You provide the example of averaging three items, one with infinite weight, and state that the average weight of these items would be infinite, using that example to justify the output from the Scan package version 0.59 for the Tau-U meta-analysis. The clear issue with this analogy is that while objects with infinite weight are impossible and never occur, Tau-U values of 1/-1 (i.e., single case experiments in which all data points from the B phase are above those from the A phase) are a regularly occurring phenomenon within single case experiments. If your methodology for conducting Tau-U meta-analyses in Scan version 0.59 does not take that fact into account, but instead uses a method that automatically outputs a p-value of "0" whenever a single instance of a Tau-U value of -1/1 occurs, it's a really serious problem that should be rectified as it totally invalidates the output from the tau-U meta analyses in this version.

Although you recommend not using prior versions of the Scan package for Tau-U meta-analyses, that seems to be the only option here; in all publications, I will simply mention that the confidence intervals are conservative (a much preferred alternative to the extremely liberal/automatically "0" p-value estimates in version 0.59). Again, so appreciate your work on this package and for making it available, but it is really important that you all see how serious a conceptual issue this is and that you all take steps to note and correct this soon.

Thank you, gjones1219

[researchtool]

Dear gjones1219, Thank you again for your feedback and this discussion. We genuinely appreciate your time and thoughts on the package and the underlying obstacles in analyzing SC data. Your concerns are well understood. However, it is crucial to note that the problem you have raised is fundamentally a statistical one and not a software issue. Handling Tau-U values of -1/1 (or, more broadly, the handling of infinite effect sizes) is an inherent challenge in statistics, not a flaw/error of scan. As a reader of your paper, I would understand and probably follow your approach. However, it is essential to note that while this decision is understandable (and transparently communicated), it is not necessarily better or more correct.

scan currently has a clear and concise standard for handling such cases, which prevents users from getting misleading results; We cannot recommend using the old version because it provides exactly that: a result that is not accurate. On another note, I want to kindly remind you that the development of the scan package is a project handled by people with full-time commitments outside of this endeavor. We dedicate our free time to build and maintain this software because we believe in its ability to support the scientific community. A core tenet of our work is to build tools that are not only useful but also responsible for preventing the misinterpretation of results, especially when all users may not fully understand the underlying statistical principles.
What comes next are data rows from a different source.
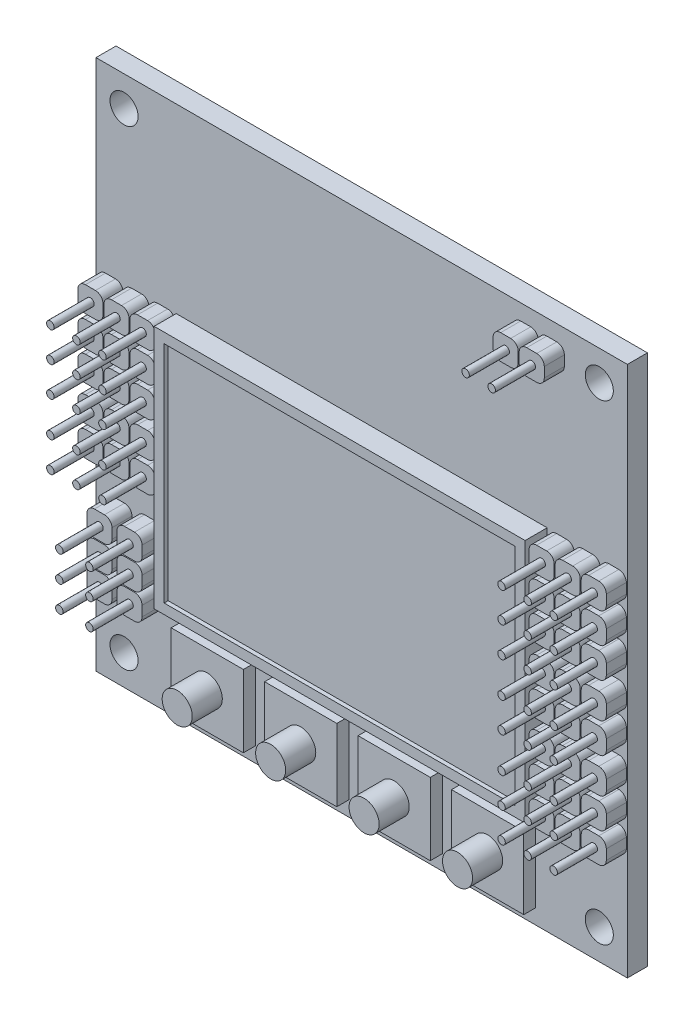
SolidWorks part; units mm, degrees
ref_plane "Front Plane" through (0, 0, 0) normal (0, 0, 1) x (1, 0, 0)
ref_plane "Top Plane" through (0, 0, 0) normal (0, 1, 0) x (1, 0, 0)
ref_plane "Right Plane" through (0, 0, 0) normal (1, 0, 0) x (0, 0, -1)
sketch "Sketch1" plane through (0, 0, 0) normal (0, 0, 1) x (1, 0, 0)
  line L1 (0, 0) -> (53, 0)
  line L2 (0, 0) -> (0, 53)
  line L3 (0, 53) -> (53, 53)
  line L4 (53, 0) -> (53, 53)
  dimension "D1" = 53
  dimension "D2" = 53
extrude "Boss-Extrude1" add sketch "Sketch1" along normal blind 2
sketch "Sketch2" plane through (0, 0, 2) normal (0, 0, 1) x (1, 0, 0)
  line L0 (26.5, 53) -> (26.5, 0) construction
  line L1 (53, 53) -> (0, 53) construction
  line L2 (0, 0) -> (53, 0) construction
  line L3 (0, 26.5) -> (53, 26.5) construction
  line L4 (0, 53) -> (0, 0) construction
  line L5 (53, 0) -> (53, 53) construction
  circle A0 centre (50.2, 50) radius 1.4
  circle A1 centre (2.8, 50) radius 1.4
  circle A2 centre (50.2, 3) radius 1.4
  circle A3 centre (2.8, 3) radius 1.4
  dimension "D3" = 2.8
  dimension "D1" = 3
  dimension "D2" = 2.8
extrude "Cut-Extrude1" cut sketch "Sketch2" against normal up to surface (2 mm away) up to face at (26.5, 26.5, 0)
sketch "Sketch3" plane through (0, 0, 2) normal (0, 0, 1) x (1, 0, 0)
  line L1 (45.9479, 34.8583) -> (46.9479, 34.8583)
  line L2 (45.1979, 34.1083) -> (45.1979, 33.1083)
  line L3 (45.9479, 32.3583) -> (46.9479, 32.3583)
  line L4 (47.6979, 34.1083) -> (47.6979, 33.1083)
  arc A0 (46.9479, 32.3583) -> (47.6979, 33.1083) centre (46.9479, 33.1083) ccw
  arc A1 (45.1979, 33.1083) -> (45.9479, 32.3583) centre (45.9479, 33.1083) ccw
  arc A2 (45.9479, 34.8583) -> (45.1979, 34.1083) centre (45.9479, 34.1083) ccw
  arc A3 (46.9479, 34.8583) -> (47.6979, 34.1083) centre (46.9479, 34.1083) cw
  point P6 (47.6979, 32.3583)
  point P11 (45.1979, 34.8583)
  point P14 (47.6979, 34.8583)
  dimension "D3" = 0.75
  dimension "D1" = 2.5
  dimension "D2" = 2.5
extrude "Boss-Extrude2" add sketch "Sketch3" along normal blind 2
sketch "Sketch4" plane through (0, 0, 4) normal (0, 0, 1) x (1, 0, 0)
  line L0 (45.1979, 34.1083) -> (45.1979, 33.1083) construction
  line L1 (45.1979, 33.6083) -> (47.6979, 33.6083) construction
  line L2 (47.6979, 33.1083) -> (47.6979, 34.1083) construction
  line L3 (46.4479, 34.8583) -> (46.4479, 32.3583) construction
  line L4 (46.9479, 34.8583) -> (45.9479, 34.8583) construction
  line L5 (45.9479, 32.3583) -> (46.9479, 32.3583) construction
  circle A0 centre (46.4479, 33.6083) radius 0.375
  dimension "D1" = 0.75
extrude "Boss-Extrude3" add sketch "Sketch4" along normal blind 4
pattern_linear "LPattern1" count 3 spacing 2.6 along (1, 0, 0) of "Boss-Extrude2", "Boss-Extrude3"
pattern_linear "LPattern2" count 3 spacing 3 along (0, -1, 0) of "Boss-Extrude2", "Boss-Extrude3", "LPattern1"
pattern_linear "LPattern3" count 2 spacing 9.5 along (0, -1, 0) of "Boss-Extrude2", "Boss-Extrude3", "LPattern1"
pattern_linear "LPattern4" count 2 spacing 12.5 along (0, -1, 0) of "Boss-Extrude2", "LPattern1", "Boss-Extrude3"
pattern_linear "LPattern5" count 2 spacing 45 along (-1, 0, 0) of "LPattern4", "LPattern3", "LPattern2", "Boss-Extrude2", "Boss-Extrude3", "LPattern1"
pattern_linear "LPattern6" count 2 spacing 16 along (0, -1, 0) of "LPattern2", "Boss-Extrude2", "Boss-Extrude3", "LPattern1"
sketch "Sketch5" plane through (0, 0, 2) normal (0, 0, 1) x (1, 0, 0)
  line L1 (8.7014, 8.7014) -> (15.9014, 8.7014)
  line L2 (8.7014, 8.7014) -> (8.7014, 1.5014)
  line L3 (8.7014, 1.5014) -> (15.9014, 1.5014)
  line L4 (15.9014, 8.7014) -> (15.9014, 1.5014)
  dimension "D1" = 7.2
  dimension "D2" = 7.2
extrude "Boss-Extrude4" add sketch "Sketch5" along normal blind 1.2
sketch "Sketch6" plane through (0, 0, 3.2) normal (0, 0, 1) x (1, 0, 0)
  line L0 (15.9014, 8.7014) -> (8.7014, 8.7014) construction
  line L1 (8.7014, 8.7014) -> (8.7014, 1.5014) construction
  circle A0 centre (12.3014, 5.1014) radius 1.5
  dimension "D1" = 3
  dimension "D2" = 3.6
  dimension "D3" = 3.6
extrude "Boss-Extrude5" add sketch "Sketch6" along normal blind 3
pattern_linear "LPattern7" count 4 spacing 9.32 along (1, 0, 0) of "Boss-Extrude4", "Boss-Extrude5"
sketch "Sketch7" plane through (0, 0, 2) normal (0, 0, 1) x (1, 0, 0)
  line L1 (42.3622, 51.4261) -> (43.3622, 51.4261)
  line L2 (41.6122, 50.6761) -> (41.6122, 49.6761)
  line L3 (42.3622, 48.9261) -> (43.3622, 48.9261)
  line L4 (44.1122, 50.6761) -> (44.1122, 49.6761)
  arc A0 (43.3622, 48.9261) -> (44.1122, 49.6761) centre (43.3622, 49.6761) ccw
  arc A1 (41.6122, 49.6761) -> (42.3622, 48.9261) centre (42.3622, 49.6761) ccw
  arc A2 (43.3622, 51.4261) -> (44.1122, 50.6761) centre (43.3622, 50.6761) cw
  arc A3 (42.3622, 51.4261) -> (41.6122, 50.6761) centre (42.3622, 50.6761) ccw
  point P8 (41.6122, 48.9261)
  point P11 (44.1122, 51.4261)
  point P14 (41.6122, 51.4261)
  dimension "D3" = 0.75
  dimension "D1" = 2.5
  dimension "D2" = 2.5
extrude "Boss-Extrude6" add sketch "Sketch7" along normal blind 2
sketch "Sketch8" plane through (0, 0, 4) normal (0, 0, 1) x (1, 0, 0)
  line L0 (41.6122, 50.1761) -> (44.1122, 50.1761) construction
  line L1 (41.6122, 50.6761) -> (41.6122, 49.6761) construction
  line L2 (44.1122, 49.6761) -> (44.1122, 50.6761) construction
  line L3 (42.8622, 51.4261) -> (42.8622, 48.9261) construction
  line L4 (43.3622, 51.4261) -> (42.3622, 51.4261) construction
  line L5 (42.3622, 48.9261) -> (43.3622, 48.9261) construction
  circle A0 centre (42.8622, 50.1761) radius 0.375
  dimension "D1" = 0.75
extrude "Boss-Extrude7" add sketch "Sketch8" along normal blind 4
pattern_linear "LPattern8" count 2 spacing 2.6 along (1, 0, 0) of "Boss-Extrude7", "Boss-Extrude6"
sketch "Sketch9" plane through (0, 0, 2) normal (0, 0, 1) x (1, 0, 0)
  line L0 (26.5, 53) -> (26.5, 0) construction
  line L1 (8, 34.8878) -> (45, 34.8878)
  line L2 (8, 34.8878) -> (8, 10.4878)
  line L3 (8, 10.4878) -> (45, 10.4878)
  line L4 (45, 34.8878) -> (45, 10.4878)
  line L5 (53, 53) -> (0, 53) construction
  line L6 (0, 0) -> (53, 0) construction
  point P10 (26.5, 34.8878)
  dimension "D1" = 37
  dimension "D2" = 24.4
extrude "Boss-Extrude8" add sketch "Sketch9" along normal blind 2.2
sketch "Sketch11" plane through (0, 0, 4.2) normal (0, 0, 1) x (1, 0, 0)
  line L0 (9, 33.8878) -> (9, 11.4878)
  line L1 (9, 11.4878) -> (44, 11.4878)
  line L2 (44, 11.4878) -> (44, 33.8878)
  line L3 (44, 33.8878) -> (9, 33.8878)
extrude "Cut-Extrude3" cut sketch "Sketch11" against normal blind 0.4
sketch "Sketch12" plane through (0, 0, 2) normal (0, 0, 1) x (1, 0, 0)
  line L1 (1.8457, 15.9352) -> (2.8457, 15.9352)
  line L2 (1.0957, 15.1852) -> (1.0957, 14.1852)
  line L3 (1.8457, 13.4352) -> (2.8457, 13.4352)
  line L4 (3.5957, 15.1852) -> (3.5957, 14.1852)
  arc A0 (2.8457, 13.4352) -> (3.5957, 14.1852) centre (2.8457, 14.1852) ccw
  arc A1 (1.0957, 14.1852) -> (1.8457, 13.4352) centre (1.8457, 14.1852) ccw
  arc A2 (2.8457, 15.9352) -> (3.5957, 15.1852) centre (2.8457, 15.1852) cw
  arc A3 (1.8457, 15.9352) -> (1.0957, 15.1852) centre (1.8457, 15.1852) ccw
  point P8 (1.0957, 13.4352)
  point P11 (3.5957, 15.9352)
  point P14 (1.0957, 15.9352)
  dimension "D3" = 0.75
  dimension "D1" = 2.5
  dimension "D2" = 2.5
extrude "Boss-Extrude9" add sketch "Sketch12" along normal blind 2
sketch "Sketch13" plane through (0, 0, 4) normal (0, 0, 1) x (1, 0, 0)
  circle A0 centre (2.3457, 14.6852) radius 0.375
  dimension "D1" = 0.75
extrude "Boss-Extrude10" add sketch "Sketch13" along normal up to surface (4 mm away) up to face at (1.8229, 21.1083, 8)
pattern_linear "LPattern9" count 3 spacing 2.6 along (0, -1, 0) of "Boss-Extrude9", "Boss-Extrude10"
pattern_linear "LPattern10" count 2 spacing 3 along (1, 0, 0) of "LPattern9", "Boss-Extrude9", "Boss-Extrude10"

We truly appreciate your perspective and will discuss this issue with our team and other users. However, it is important to bear in mind that your perspective represents one viewpoint among many that we must consider. To maintain the integrity and usefulness of the scan package for a broad range of users, we have to consider the implications of any changes we make from multiple perspectives and use cases. Rest assured, your feedback will contribute to this ongoing discussion. I prefer a solution that gives informed users the opportunity to choose but also prevents less informed users about the (statistical problem) occurring “under the hood”. Again, thank you for engaging with our project and bringing these concerns to our attention.

Best regards, timo